Irritable Bowel Syndrome (IBS) is a common condition presenting with a range of symptoms that varies from person to person in its manifestations and severity.
Symptoms of IBS
Common symptoms are:
- Flatulence and/or bloating
- Diarrhoea or constipation or both
- Lower abdominal pain that may reduce after a motion
- Passage of mucous
- Feeling the need to evacuate even after completing it
- Urgency to ease bowels
- Worsening symptoms after meals
Reducing IBS symptoms
For reducing the symptoms patients have to ensure that meals are taken regularly, slowly and at proper time along with regular physical activity/exercises and adequate relaxation.

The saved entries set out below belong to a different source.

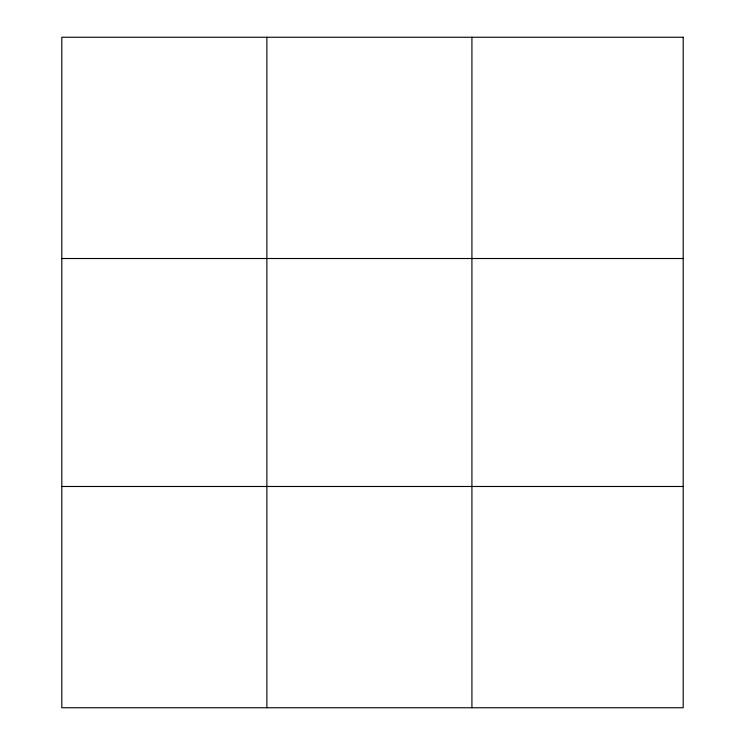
<?xml version="1.0" encoding="UTF-8"?>
<svg xmlns="http://www.w3.org/2000/svg" width="745" height="745" viewBox="0 0 745 745"><rect width="100%" height="100%" fill="white"/><g stroke="black" fill="none" stroke-linecap="round" stroke-linejoin="round"><path stroke-width="1.12" d="M266.868 37.25L266.868 707.75M471.92 37.25L471.92 707.75M61.807 258.515L683.193 258.515M61.807 486.485L683.193 486.485M683.193 37.25L683.193 707.75L61.807 707.75L61.807 37.25L683.193 37.25"/></g></svg>
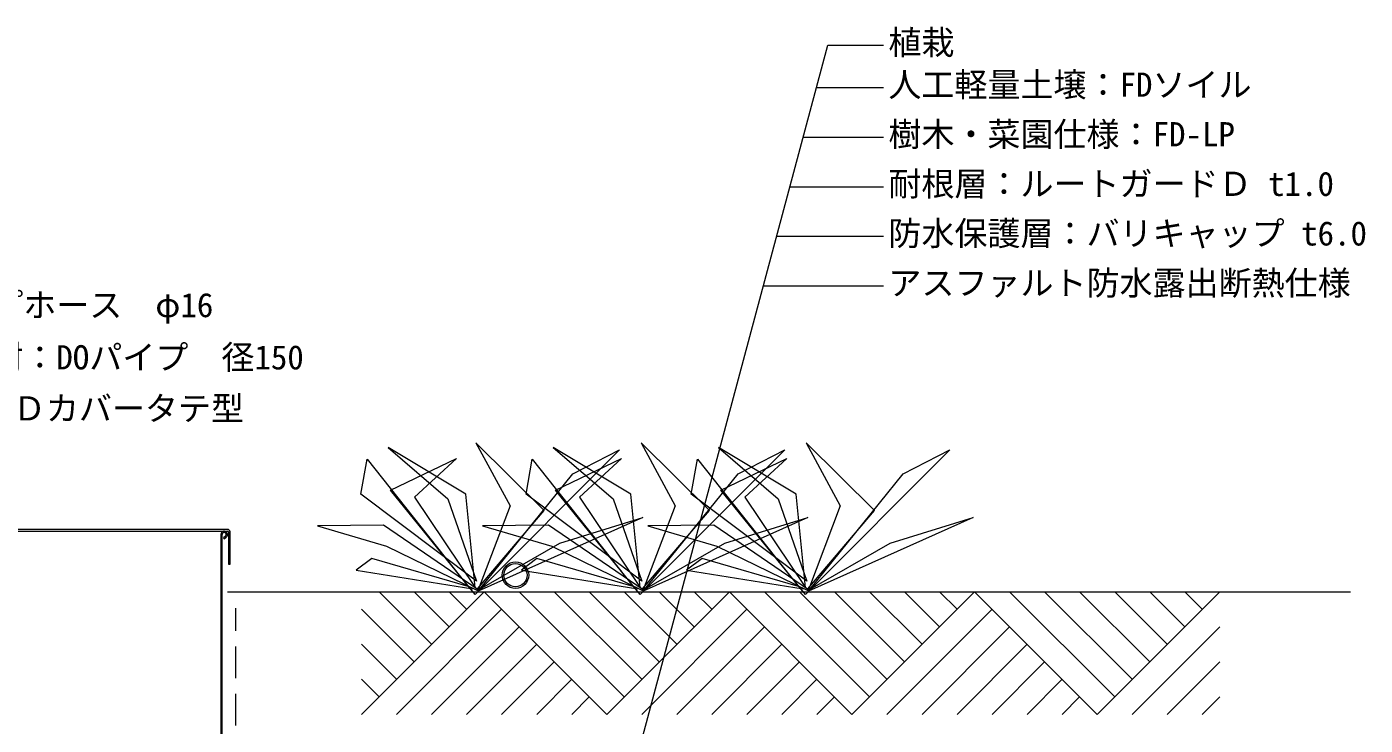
# Model space of a CAD drawing. Units: millimetres, scale not verified. Extents: x -1420 to 1420, y -985 to 985.
# Drawn here: x 8 to 819, y -175 to 248 of the extents above; entities that cross this region are included whole.
import ezdxf
from ezdxf.enums import TextEntityAlignment as Align

# ---------------------------------------------------------------- set-up
doc = ezdxf.new("R2010")
doc.units = ezdxf.units.MM
doc.header["$LTSCALE"] = 3
doc.linetypes.add('USER3', pattern=[9.525, 6.35, -3.175])
for name, color, linetype, lineweight in [('0-1_HATCH', 9, 'Continuous', 18), ('0-3_KUTAI', 3, 'Continuous', 18), ('0-5_MOJI', 7, 'Continuous', 18), ('0-7_buhin', 2, 'Continuous', 18), ('0-8_KANAMONO', 4, 'Continuous', 18), ('0-9_GREEN', 7, 'Continuous', 18), ('0-A_fd-l', 8, 'Continuous', 18)]:
    doc.layers.add(name, color=color, linetype=linetype, lineweight=lineweight)
doc.styles.add('ＭＳ ゴシック', font='')
doc.styles.get('ＭＳ ゴシック').set_extended_font_data('MS Gothic')

# ---------------------------------------------------------------- blocks, each defined once
blk = doc.blocks.new('green')
at = {"layer": '0-9_GREEN'}
for p, q in [((0.471, 91.72), (21.167, 53.621)), ((41.862, 50.799), (0.471, 91.72)), ((-69.142, 60.676), (-65.379, 81.842)), ((-65.379, 81.842), (-4.233, 4.704)), ((87.487, 87.486), (0, 0)), ((59.265, 72.905), (87.487, 87.486)), ((1.882, 1.882), (59.265, 72.905)), ((0.941, 7.996), (-69.142, 60.676)), ((0, 0), (-51.268, 63.028)), ((-36.687, 58.795), (0, 4.234)), ((-16.462, 57.854), (0.941, 7.996)), ((0, 4.234), (-5.644, 60.676)), ((1.412, 3.293), (41.862, 50.799)), ((21.167, 53.621), (1.882, 2.822)), ((1.882, 2.822), (-55.502, 41.862)), ((101.597, 46.565), (1.882, 1.882)), ((51.269, 31.044), (101.597, 46.565)), ((-53.62, 29.162), (1.412, 2.352)), ((1.412, 2.352), (51.269, 31.044)), ((-62.557, 21.637), (-71.964, 14.581)), ((-4.233, 4.704), (-62.557, 21.637)), ((-71.964, 14.581), (-1.411, 3.293))]:
    blk.add_line(p, q, dxfattribs=at)
for points in [[(-5.644, 60.676), (-52.679, 88.897), (-16.462, 57.854)], [(-51.268, 63.028), (-11.288, 82.312), (-36.687, 58.795)], [(-55.502, 41.862), (-95.482, 41.392), (-53.62, 29.162)]]:
    blk.add_lwpolyline(points, dxfattribs=at)

msp = doc.modelspace()

# ---------------------------------------------------------------- linework, layer by layer
at = {"layer": '0-1_HATCH'}
for p, q in [((211.141, -168.405), (285.387, -94.158)), ((221.747, -94.158), (253.567, -125.978)), ((242.96, -94.158), (264.174, -115.372)), ((264.174, -94.158), (274.78, -104.765)), ((285.387, -94.158), (359.633, -168.405)), ((306.6, -94.158), (370.24, -157.798)), ((327.813, -94.158), (380.846, -147.191)), ((349.027, -94.158), (391.453, -136.585)), ((359.633, -168.405), (433.879, -94.158)), ((370.24, -94.158), (402.06, -125.978)), ((391.453, -94.158), (412.666, -115.372)), ((412.666, -94.158), (423.273, -104.765)), ((433.879, -94.158), (508.126, -168.405)), ((455.093, -94.158), (518.732, -157.798)), ((476.306, -94.158), (529.339, -147.191)), ((497.519, -94.158), (539.945, -136.585)), ((508.126, -168.405), (582.372, -94.158)), ((518.732, -94.158), (550.552, -125.978)), ((539.945, -94.158), (561.159, -115.372)), ((561.159, -94.158), (571.765, -104.765)), ((603.585, -94.158), (667.225, -157.798)), ((624.798, -94.158), (677.831, -147.191)), ((646.011, -94.158), (688.438, -136.585)), ((667.225, -94.158), (699.044, -125.978)), ((688.438, -94.158), (709.651, -115.372)), ((709.651, -94.158), (720.258, -104.765)), ((211.141, -104.765), (242.96, -136.585)), ((232.354, -168.405), (295.994, -104.765)), ((380.846, -168.405), (444.486, -104.765)), ((529.339, -168.405), (592.978, -104.765)), ((253.567, -168.405), (306.6, -115.372)), ((402.06, -168.405), (455.093, -115.372)), ((550.552, -168.405), (603.585, -115.372)), ((677.831, -168.405), (730.864, -115.372)), ((211.141, -125.978), (232.354, -147.191)), ((274.78, -168.405), (317.207, -125.978)), ((423.273, -168.405), (465.699, -125.978)), ((571.765, -168.405), (614.192, -125.978)), ((295.994, -168.405), (327.813, -136.585)), ((444.486, -168.405), (476.306, -136.585)), ((592.978, -168.405), (624.798, -136.585)), ((699.044, -168.405), (730.864, -136.585)), ((211.141, -147.191), (221.747, -157.798)), ((317.207, -168.405), (338.42, -147.191)), ((465.699, -168.405), (486.912, -147.191)), ((614.192, -168.405), (635.405, -147.191)), ((338.42, -168.405), (349.027, -157.798)), ((486.912, -168.405), (497.519, -157.798)), ((635.405, -168.405), (646.011, -157.798)), ((720.258, -168.405), (730.864, -157.798))]:
    msp.add_line(p, q, dxfattribs=at)
msp.add_lwpolyline([(582.372, -94.158), (656.618, -168.405), (730.864, -94.158)], dxfattribs=at)
at = {"layer": '0-3_KUTAI'}
msp.add_line((130, -94.165), (810, -94.165), dxfattribs=at)
at = {"layer": '0-5_MOJI'}
for p, q in [((317.377, -420.965), (493.537, 236.475)), ((493.537, 236.475), (527.194, 236.475)), ((486.688, 210.914), (527.194, 210.914)), ((478.65, 180.914), (527.194, 180.914)), ((470.611, 150.914), (527.194, 150.914)), ((462.573, 120.914), (527.194, 120.914)), ((454.534, 90.914), (527.194, 90.914))]:
    msp.add_line(p, q, dxfattribs=at)
at = {"layer": '0-7_buhin'}
for radius in [8, 8, 7, 7]:
    msp.add_circle((304.362, -84.165), radius, dxfattribs=at)
at = {"layer": '0-8_KANAMONO'}
for p, q in [((130, -56.513), (-110, -56.513)), ((-110, -57.513), (130, -57.513)), ((127.975, -62.113), (129.226, -61.131))]:
    msp.add_line(p, q, dxfattribs=at)
for points in [[(125.95, -59.538), (125.95, -311.513), (126.75, -311.513), (126.75, -59.538)], [(128.732, -60.502), (127.481, -61.484), (127.975, -62.113)], [(130.5, -58.013), (130.5, -77.513), (131.5, -77.513), (131.5, -58.013)]]:
    msp.add_lwpolyline(points, dxfattribs=at)
for centre, radius, start, end in [((130, -58.013), 1.5, 0, 90), ((127.975, -59.538), 2.025, 308.14893, 180), ((127.975, -59.538), 1.225, 308.14893, 180), ((130, -58.013), 0.5, 360, 90)]:
    msp.add_arc(centre, radius, start, end, dxfattribs=at)
at = {"layer": '0-A_fd-l', "color": 3, "linetype": 'USER3'}
msp.add_line((135, -317.915), (135, -104.165), dxfattribs=at)

# ---------------------------------------------------------------- block references
at = {"layer": '0-5_MOJI'}
for p in [(279.913, -95.792), (379.913, -95.792), (479.913, -95.792)]:
    msp.add_blockref('green', p, dxfattribs=at)

# ---------------------------------------------------------------- texts
at = {"layer": '0-5_MOJI', "style": 'ＭＳ ゴシック'}
for s, p in [('植栽', (530.194, 226.475)), ('人工軽量土壌：FDソイル', (530.194, 200.914)), ('樹木・菜園仕様：FD-LP', (530.194, 170.914)), ('耐根層：ルートガードＤ t1.0', (530.194, 140.914)), ('防水保護層：バリキャップ t6.0', (530.194, 110.914)), ('アスファルト防水露出断熱仕様', (530.194, 80.914)), ('FDドリップホース\u3000φ16', (-93.64, 67.55)), ('排水補助材：DOパイプ\u3000径150', (-93.64, 35.939)), ('ＦＤカバータテ型', (-20, 5.035))]:
    msp.add_text(s, height=14.66, dxfattribs=at).set_placement(p, align=Align.BOTTOM_LEFT)

doc.saveas('drawing.dxf')

An association between the type of food and development of symptoms can be made using a diary. Dietary changes should be made carefully allowing the bowel to adjust.
IBS and diet
Fruits and vegetables contain varying amounts of soluble (pectin, hemicellulose) and insoluble (cellulose, lignin) non-starch polysaccharides termed widely as “fibres”. Cereals on the other hand mainly contain insoluble fibre. Though an increased fibre intake is often the recommendation in IBS, the cereal fibres are found to exaggerate the symptoms in 55% cases.
The soluble fibre variants include psyllium, methylcellulose and ispaghula which are less detrimental and thus can be used for fibre supplementation in IBS.
Dietary adjustments for IBS patients
Dietary adjustments for patients with wind and bloating include limiting fruits to 3 portions (with 1 portion of dried fruits if desired), fruit juice to a small glass and “5 a day” with vegetables.
Oats and golden linseeds are also found to be helpful. Resistant starches that are not completely digested and enter the large bowel to get fermented and produce gas should be restricted.
Diarrhea predominant IBS
If diarrhoea occurs adequate fluids should be taken to replace the losses, limiting consumption of fizzy drinks, alcohol and caffeinated drinks. Fruits, vegetables and resistant starches should be according to prescribed limitations. Sugar free sweets and products containing sorbitol are better avoided. Higher fat intake might also be responsible for diarrhoea and thus should be restricted.
Persons willing to try probiotic yoghurts or fermented milk drinks should consume them at manufacturer recommended amounts over a period of time to attain their benefits. A change of brand might also help in absence of a response as the bacterial content varies.
Constipation predominant IBS
If constipation is the worrying symptom dietary fibre intake should be enhanced. However these tend to generate gas that might worsen symptoms and thus should be gradually increased and adjusted according to its effects.
An adequate fluid intake is essential and probiotics might be helpful. Addition of oats and golden linseeds acts as a soluble fibre softening stool.
1 portion fruit or vegetables |
Example
|
Fresh fruits (80gms)
|
- 1 apple, banana, pear, orange or similar sized fruit,
- ½ grapefruit, 1 slice of large fruit (melon, pineapple)
- 2 plums
- a handful of grapes, cherries, berries
- 3 heaped tablespoons fruit salad
|
Dried fruits (25gms)
|
- 1 heaped tablespoon raisins, figs, apricots
|
Vegetables (80gms)
|
- 3 heaped tablespoons raw, cooked, frozen or tinned vegetables
- a dessert bowl of salad
|
Food allergies and IBS
Food allergy is often held responsible by affected persons as the symptoms are related to meals. Though true allergies are difficult to prove, food intolerance might be present. In patients with atopy, IgE mediated allergy might be more common.
The definite way to exclude food intolerance is by a food challenge. Refractory cases can be treated with a dietary exclusion keeping in mind to not restrict it severely to affect nutrition. This approach is best supervised by a dietician.
Another topic of investigation is carbohydrate (lactose, fructose and sorbitol) intolerance as an etiology of IBS. The presence of food intolerance has geographical variations and racial heterogenity. However, its incidence in patients suffering from IBS does not differ much from general population.
On the contrary fat intolerance is found to be greater in patients with IBS as lipids can generate greater hypersensitivity. Thus a prudent adjustment of fibre, carbohydrate and fat helps in the management of symptoms instead of a severe restriction or dietary exclusion.